Work instruction —
Produce as output only the lines below starting at the line with "if isempty(t_start)" and continuing through the line with "function [T_powertrain, abs_w]", each one exactly as written.

Data records —
* * * * *

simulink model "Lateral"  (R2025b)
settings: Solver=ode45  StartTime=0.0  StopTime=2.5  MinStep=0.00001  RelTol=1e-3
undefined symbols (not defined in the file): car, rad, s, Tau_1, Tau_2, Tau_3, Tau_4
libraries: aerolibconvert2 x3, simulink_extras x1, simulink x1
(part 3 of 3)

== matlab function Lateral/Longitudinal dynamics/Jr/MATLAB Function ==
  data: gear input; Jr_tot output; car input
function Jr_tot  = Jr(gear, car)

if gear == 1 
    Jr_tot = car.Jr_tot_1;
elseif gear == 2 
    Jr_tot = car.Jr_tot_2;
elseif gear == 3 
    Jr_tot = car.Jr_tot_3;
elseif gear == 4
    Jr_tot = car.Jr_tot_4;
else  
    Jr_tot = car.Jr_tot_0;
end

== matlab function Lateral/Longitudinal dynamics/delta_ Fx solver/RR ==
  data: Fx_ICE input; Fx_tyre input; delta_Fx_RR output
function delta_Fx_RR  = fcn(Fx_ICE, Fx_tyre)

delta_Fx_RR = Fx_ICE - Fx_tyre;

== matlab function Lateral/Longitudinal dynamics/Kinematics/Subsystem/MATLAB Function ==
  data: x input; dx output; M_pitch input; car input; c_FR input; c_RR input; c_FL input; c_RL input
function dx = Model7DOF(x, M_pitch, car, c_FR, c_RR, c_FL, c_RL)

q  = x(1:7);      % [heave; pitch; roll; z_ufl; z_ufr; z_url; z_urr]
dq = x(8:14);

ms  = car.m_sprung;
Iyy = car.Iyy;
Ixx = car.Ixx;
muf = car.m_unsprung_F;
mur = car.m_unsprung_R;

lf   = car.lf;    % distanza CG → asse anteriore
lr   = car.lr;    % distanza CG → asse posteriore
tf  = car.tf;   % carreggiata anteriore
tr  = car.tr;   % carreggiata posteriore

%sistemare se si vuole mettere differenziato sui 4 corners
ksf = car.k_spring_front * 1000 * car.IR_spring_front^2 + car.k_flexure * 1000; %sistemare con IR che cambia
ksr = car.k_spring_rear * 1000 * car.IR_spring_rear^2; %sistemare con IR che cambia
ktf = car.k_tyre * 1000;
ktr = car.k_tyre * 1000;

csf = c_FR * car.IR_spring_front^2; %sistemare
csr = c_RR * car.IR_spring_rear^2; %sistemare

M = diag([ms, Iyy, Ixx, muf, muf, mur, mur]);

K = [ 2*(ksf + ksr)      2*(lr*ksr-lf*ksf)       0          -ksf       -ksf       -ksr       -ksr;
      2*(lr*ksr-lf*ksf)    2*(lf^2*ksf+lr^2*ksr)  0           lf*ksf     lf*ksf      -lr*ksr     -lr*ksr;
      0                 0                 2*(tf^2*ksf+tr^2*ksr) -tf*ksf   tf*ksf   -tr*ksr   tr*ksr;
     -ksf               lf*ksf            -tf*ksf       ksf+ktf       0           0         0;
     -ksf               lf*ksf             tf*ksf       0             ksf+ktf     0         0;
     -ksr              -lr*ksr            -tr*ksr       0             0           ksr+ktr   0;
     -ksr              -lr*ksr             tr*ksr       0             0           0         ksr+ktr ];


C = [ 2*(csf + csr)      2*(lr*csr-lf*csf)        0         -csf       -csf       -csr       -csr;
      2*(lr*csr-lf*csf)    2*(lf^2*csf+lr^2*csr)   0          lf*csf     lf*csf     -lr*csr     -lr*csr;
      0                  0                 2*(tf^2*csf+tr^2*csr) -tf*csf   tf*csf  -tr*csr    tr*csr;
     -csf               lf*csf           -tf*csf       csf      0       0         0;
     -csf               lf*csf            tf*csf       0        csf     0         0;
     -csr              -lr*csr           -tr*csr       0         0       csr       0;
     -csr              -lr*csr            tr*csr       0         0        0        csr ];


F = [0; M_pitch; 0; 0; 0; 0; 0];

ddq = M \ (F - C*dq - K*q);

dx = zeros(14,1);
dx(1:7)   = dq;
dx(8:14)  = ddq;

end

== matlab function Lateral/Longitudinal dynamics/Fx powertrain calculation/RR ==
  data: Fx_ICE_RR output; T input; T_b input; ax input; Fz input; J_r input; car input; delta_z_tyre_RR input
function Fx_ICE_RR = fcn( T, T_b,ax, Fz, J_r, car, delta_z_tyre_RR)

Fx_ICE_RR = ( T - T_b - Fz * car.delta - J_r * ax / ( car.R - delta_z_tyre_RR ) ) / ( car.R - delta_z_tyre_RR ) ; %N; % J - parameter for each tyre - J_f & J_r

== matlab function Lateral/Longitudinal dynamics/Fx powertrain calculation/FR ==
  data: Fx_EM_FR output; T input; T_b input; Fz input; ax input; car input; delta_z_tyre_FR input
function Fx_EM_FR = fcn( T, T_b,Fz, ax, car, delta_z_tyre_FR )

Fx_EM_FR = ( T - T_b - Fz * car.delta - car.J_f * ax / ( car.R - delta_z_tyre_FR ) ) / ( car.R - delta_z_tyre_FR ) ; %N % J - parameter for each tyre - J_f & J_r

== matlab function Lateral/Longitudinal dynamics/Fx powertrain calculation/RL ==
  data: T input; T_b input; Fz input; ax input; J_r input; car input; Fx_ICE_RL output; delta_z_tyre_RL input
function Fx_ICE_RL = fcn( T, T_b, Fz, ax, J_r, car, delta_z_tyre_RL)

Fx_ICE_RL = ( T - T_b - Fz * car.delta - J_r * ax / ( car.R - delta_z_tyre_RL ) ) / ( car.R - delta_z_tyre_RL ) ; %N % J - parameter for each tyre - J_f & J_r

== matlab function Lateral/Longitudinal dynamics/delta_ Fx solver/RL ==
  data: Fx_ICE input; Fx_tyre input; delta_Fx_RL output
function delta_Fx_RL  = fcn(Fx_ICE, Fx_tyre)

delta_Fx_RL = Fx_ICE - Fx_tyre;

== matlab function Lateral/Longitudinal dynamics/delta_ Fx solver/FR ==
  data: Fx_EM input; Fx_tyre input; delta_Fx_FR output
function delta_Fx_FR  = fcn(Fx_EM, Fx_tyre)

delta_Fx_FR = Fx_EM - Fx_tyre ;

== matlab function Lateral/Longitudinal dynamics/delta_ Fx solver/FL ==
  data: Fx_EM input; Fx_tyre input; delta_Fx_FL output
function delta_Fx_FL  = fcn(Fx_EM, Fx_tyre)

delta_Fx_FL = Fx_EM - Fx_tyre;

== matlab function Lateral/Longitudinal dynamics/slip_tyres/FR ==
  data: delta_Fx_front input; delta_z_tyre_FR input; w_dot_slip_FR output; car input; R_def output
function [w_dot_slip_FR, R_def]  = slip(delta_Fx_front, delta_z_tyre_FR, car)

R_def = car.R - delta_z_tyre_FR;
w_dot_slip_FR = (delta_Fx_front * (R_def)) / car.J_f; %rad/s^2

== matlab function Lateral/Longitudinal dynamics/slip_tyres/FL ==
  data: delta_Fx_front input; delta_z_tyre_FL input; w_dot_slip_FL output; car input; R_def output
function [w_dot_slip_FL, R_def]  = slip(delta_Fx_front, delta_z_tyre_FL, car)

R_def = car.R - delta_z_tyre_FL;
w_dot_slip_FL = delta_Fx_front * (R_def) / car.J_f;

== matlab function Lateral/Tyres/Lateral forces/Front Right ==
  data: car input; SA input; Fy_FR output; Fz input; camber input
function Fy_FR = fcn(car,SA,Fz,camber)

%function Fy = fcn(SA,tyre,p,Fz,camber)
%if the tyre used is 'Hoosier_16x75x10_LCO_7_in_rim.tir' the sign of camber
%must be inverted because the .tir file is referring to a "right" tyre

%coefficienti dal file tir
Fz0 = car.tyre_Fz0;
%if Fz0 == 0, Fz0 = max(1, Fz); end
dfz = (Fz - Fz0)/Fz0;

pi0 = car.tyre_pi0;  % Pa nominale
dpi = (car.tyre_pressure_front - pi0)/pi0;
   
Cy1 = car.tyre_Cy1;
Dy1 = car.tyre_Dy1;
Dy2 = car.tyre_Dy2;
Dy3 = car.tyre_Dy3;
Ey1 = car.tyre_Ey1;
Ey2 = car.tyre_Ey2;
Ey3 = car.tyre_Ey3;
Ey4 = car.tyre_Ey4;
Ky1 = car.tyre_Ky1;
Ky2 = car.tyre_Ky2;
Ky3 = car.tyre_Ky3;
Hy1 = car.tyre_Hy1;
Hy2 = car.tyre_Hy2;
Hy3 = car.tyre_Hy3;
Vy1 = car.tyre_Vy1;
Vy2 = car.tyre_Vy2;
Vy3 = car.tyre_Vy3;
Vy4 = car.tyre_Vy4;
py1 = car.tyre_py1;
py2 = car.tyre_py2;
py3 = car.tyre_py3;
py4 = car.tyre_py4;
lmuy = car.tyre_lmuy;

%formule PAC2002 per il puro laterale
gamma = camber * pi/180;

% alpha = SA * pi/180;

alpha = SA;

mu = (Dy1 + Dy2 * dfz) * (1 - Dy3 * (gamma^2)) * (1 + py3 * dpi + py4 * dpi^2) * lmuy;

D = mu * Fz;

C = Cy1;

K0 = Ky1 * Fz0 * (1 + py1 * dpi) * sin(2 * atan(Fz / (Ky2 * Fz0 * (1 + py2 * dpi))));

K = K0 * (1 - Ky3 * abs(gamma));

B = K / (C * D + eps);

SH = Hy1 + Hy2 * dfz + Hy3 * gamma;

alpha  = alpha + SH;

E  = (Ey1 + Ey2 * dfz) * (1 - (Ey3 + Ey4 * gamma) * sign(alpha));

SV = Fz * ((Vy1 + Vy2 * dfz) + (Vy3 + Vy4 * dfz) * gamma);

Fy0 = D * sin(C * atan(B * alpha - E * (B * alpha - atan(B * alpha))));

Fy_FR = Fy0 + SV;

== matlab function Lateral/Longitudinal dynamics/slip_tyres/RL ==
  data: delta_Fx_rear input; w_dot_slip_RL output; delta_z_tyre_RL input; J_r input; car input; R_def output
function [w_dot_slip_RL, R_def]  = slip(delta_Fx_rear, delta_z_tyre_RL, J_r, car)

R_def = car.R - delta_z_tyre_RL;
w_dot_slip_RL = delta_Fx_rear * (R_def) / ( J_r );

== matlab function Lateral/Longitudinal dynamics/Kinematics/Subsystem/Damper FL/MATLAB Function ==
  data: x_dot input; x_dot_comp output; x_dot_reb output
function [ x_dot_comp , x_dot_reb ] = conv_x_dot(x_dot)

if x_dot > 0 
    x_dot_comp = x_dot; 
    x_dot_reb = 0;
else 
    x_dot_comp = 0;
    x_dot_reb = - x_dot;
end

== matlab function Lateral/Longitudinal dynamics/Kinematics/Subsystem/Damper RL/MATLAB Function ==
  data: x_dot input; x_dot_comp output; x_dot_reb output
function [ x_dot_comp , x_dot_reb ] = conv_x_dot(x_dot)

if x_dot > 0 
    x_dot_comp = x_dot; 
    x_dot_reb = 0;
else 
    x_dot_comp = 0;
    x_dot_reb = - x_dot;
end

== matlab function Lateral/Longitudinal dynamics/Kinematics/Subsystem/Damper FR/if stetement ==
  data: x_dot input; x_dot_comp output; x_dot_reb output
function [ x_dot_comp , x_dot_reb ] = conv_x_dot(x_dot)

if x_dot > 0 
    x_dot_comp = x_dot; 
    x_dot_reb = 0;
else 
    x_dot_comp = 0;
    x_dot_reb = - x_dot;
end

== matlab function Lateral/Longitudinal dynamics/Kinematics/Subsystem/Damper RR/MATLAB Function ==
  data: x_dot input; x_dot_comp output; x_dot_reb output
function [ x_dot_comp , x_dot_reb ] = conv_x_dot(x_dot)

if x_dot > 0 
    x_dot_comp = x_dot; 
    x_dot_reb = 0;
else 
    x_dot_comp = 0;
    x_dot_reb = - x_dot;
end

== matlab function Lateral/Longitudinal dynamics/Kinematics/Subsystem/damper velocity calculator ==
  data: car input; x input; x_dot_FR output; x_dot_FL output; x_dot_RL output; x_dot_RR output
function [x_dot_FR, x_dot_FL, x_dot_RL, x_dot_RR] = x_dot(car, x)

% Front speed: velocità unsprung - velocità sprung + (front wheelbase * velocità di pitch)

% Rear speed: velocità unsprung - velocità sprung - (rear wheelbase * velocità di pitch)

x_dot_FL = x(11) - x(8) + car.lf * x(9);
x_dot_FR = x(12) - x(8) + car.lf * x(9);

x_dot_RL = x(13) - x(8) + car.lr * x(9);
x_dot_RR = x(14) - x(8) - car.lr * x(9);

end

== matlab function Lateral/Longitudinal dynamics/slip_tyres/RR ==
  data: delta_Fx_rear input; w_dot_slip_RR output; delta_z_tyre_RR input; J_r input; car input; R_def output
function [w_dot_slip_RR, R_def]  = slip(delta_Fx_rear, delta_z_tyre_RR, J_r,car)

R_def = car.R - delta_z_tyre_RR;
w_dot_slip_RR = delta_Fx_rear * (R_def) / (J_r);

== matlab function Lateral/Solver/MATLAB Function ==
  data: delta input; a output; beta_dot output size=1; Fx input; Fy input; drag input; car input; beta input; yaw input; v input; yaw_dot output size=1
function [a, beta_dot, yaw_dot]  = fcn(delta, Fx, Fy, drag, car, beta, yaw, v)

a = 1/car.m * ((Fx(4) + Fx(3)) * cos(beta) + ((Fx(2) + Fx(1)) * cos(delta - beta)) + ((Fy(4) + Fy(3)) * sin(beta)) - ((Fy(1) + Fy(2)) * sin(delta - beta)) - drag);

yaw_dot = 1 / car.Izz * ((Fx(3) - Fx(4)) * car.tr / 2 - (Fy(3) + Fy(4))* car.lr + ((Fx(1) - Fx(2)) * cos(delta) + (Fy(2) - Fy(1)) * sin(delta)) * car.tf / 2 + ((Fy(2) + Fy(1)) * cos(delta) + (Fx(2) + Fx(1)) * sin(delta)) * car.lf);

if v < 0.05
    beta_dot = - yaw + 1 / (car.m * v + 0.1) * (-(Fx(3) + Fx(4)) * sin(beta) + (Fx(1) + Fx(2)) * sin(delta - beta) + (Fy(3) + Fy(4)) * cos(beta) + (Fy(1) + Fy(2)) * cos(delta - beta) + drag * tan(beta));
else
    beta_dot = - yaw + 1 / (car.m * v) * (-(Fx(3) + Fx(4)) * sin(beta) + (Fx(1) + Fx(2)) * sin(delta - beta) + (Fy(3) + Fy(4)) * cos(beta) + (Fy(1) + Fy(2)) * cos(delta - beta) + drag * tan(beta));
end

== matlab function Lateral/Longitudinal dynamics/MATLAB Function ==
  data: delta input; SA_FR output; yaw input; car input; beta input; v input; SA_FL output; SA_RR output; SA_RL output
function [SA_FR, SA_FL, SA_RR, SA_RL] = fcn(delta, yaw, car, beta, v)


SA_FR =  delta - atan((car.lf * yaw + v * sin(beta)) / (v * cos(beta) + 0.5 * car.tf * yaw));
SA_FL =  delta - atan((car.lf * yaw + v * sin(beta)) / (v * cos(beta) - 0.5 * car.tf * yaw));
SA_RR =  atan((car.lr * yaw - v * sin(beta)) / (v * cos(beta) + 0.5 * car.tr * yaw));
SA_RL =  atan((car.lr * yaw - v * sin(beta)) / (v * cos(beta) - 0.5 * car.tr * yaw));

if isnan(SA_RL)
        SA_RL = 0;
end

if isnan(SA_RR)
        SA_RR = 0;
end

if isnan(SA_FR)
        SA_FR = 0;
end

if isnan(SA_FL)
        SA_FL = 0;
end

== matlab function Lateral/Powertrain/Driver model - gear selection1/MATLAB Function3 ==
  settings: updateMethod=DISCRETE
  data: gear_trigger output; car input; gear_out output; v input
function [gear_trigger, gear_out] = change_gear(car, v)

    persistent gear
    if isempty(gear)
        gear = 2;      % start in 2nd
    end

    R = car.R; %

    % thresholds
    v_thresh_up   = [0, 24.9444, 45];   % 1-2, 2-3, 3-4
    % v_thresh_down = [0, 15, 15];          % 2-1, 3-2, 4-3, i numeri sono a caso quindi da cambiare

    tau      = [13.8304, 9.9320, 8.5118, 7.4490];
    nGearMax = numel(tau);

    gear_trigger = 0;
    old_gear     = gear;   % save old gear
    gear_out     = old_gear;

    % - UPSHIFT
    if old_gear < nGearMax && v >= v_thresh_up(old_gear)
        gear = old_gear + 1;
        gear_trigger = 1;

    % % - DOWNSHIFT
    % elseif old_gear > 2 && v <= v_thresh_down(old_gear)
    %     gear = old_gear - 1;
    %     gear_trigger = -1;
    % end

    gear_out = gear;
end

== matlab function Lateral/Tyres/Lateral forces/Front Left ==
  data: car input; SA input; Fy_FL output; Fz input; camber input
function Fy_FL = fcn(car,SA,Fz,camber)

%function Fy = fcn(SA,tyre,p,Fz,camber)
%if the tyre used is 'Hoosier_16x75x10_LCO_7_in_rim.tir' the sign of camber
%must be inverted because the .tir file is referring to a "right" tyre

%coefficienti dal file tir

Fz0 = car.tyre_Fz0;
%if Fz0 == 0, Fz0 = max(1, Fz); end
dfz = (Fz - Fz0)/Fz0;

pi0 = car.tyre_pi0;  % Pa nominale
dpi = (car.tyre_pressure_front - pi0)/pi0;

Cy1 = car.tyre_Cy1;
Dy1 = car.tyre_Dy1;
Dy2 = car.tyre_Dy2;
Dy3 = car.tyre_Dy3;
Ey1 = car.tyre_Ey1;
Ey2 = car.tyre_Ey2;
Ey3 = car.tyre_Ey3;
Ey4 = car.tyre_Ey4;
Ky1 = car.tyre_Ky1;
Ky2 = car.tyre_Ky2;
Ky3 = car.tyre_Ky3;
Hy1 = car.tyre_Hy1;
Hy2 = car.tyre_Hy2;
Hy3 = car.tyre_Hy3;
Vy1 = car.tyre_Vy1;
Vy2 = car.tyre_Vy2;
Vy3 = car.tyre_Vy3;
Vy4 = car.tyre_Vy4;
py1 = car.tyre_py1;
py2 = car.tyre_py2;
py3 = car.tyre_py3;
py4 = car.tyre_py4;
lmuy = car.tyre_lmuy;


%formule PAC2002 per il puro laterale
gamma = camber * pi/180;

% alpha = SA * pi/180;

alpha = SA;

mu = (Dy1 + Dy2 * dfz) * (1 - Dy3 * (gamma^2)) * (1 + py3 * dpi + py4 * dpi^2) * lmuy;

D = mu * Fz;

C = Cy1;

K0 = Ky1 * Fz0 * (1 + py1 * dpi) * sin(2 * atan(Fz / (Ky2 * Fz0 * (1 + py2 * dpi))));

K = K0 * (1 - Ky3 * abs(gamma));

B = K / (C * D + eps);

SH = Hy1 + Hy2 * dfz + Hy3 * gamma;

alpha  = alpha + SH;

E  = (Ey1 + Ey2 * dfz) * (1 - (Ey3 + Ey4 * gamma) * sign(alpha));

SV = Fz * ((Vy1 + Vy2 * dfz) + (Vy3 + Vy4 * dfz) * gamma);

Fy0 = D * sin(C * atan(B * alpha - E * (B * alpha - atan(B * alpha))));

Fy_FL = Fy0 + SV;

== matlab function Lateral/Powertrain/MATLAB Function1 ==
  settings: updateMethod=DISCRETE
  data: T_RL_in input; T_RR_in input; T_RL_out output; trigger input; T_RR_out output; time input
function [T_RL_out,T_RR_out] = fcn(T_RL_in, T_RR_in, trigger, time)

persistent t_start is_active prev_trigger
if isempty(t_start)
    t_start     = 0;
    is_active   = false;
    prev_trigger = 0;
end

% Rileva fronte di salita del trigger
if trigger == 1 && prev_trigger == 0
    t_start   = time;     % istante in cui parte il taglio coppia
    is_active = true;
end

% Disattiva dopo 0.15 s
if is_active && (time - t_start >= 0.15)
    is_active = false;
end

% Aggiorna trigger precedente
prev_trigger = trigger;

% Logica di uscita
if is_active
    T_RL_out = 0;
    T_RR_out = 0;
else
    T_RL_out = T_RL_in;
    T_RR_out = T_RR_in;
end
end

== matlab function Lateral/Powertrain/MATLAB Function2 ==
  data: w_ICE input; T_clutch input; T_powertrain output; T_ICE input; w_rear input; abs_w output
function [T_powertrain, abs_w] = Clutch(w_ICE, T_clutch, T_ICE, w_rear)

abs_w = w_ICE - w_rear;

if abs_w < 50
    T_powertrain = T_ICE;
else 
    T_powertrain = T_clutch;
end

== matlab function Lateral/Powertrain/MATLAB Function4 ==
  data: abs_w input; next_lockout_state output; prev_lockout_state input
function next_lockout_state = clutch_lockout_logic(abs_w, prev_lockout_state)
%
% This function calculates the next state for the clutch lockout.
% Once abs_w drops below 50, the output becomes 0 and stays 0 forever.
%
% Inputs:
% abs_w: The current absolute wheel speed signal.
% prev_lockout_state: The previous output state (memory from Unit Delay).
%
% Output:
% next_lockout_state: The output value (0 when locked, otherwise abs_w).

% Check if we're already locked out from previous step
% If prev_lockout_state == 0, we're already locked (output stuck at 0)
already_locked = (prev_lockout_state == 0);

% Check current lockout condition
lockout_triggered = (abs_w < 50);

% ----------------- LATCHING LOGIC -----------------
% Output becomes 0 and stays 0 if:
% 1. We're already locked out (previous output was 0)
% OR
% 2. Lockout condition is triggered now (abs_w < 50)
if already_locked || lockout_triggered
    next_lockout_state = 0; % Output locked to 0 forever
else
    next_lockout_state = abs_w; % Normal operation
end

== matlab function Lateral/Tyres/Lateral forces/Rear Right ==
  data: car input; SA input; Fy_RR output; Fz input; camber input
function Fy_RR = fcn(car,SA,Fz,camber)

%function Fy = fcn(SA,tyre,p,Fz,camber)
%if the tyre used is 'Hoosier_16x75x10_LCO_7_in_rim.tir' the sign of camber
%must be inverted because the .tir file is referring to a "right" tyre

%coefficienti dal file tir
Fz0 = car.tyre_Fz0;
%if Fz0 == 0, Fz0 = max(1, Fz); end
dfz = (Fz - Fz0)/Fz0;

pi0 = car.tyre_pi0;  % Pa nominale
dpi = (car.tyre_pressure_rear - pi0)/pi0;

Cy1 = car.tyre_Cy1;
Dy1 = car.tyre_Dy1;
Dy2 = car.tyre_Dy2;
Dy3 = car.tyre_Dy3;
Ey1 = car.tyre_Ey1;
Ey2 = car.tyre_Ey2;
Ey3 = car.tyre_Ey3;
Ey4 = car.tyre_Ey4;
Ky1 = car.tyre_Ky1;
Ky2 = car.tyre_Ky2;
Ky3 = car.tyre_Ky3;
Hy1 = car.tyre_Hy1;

* * * * *

Answer for this exercise —
if isempty(t_start)
    t_start     = 0;
    is_active   = false;
    prev_trigger = 0;
end

% Rileva fronte di salita del trigger
if trigger == 1 && prev_trigger == 0
    t_start   = time;     % istante in cui parte il taglio coppia
    is_active = true;
end

% Disattiva dopo 0.15 s
if is_active && (time - t_start >= 0.15)
    is_active = false;
end

% Aggiorna trigger precedente
prev_trigger = trigger;

% Logica di uscita
if is_active
    T_RL_out = 0;
    T_RR_out = 0;
else
    T_RL_out = T_RL_in;
    T_RR_out = T_RR_in;
end
end

== matlab function Lateral/Powertrain/MATLAB Function2 ==
  data: w_ICE input; T_clutch input; T_powertrain output; T_ICE input; w_rear input; abs_w output
function [T_powertrain, abs_w] = Clutch(w_ICE, T_clutch, T_ICE, w_rear)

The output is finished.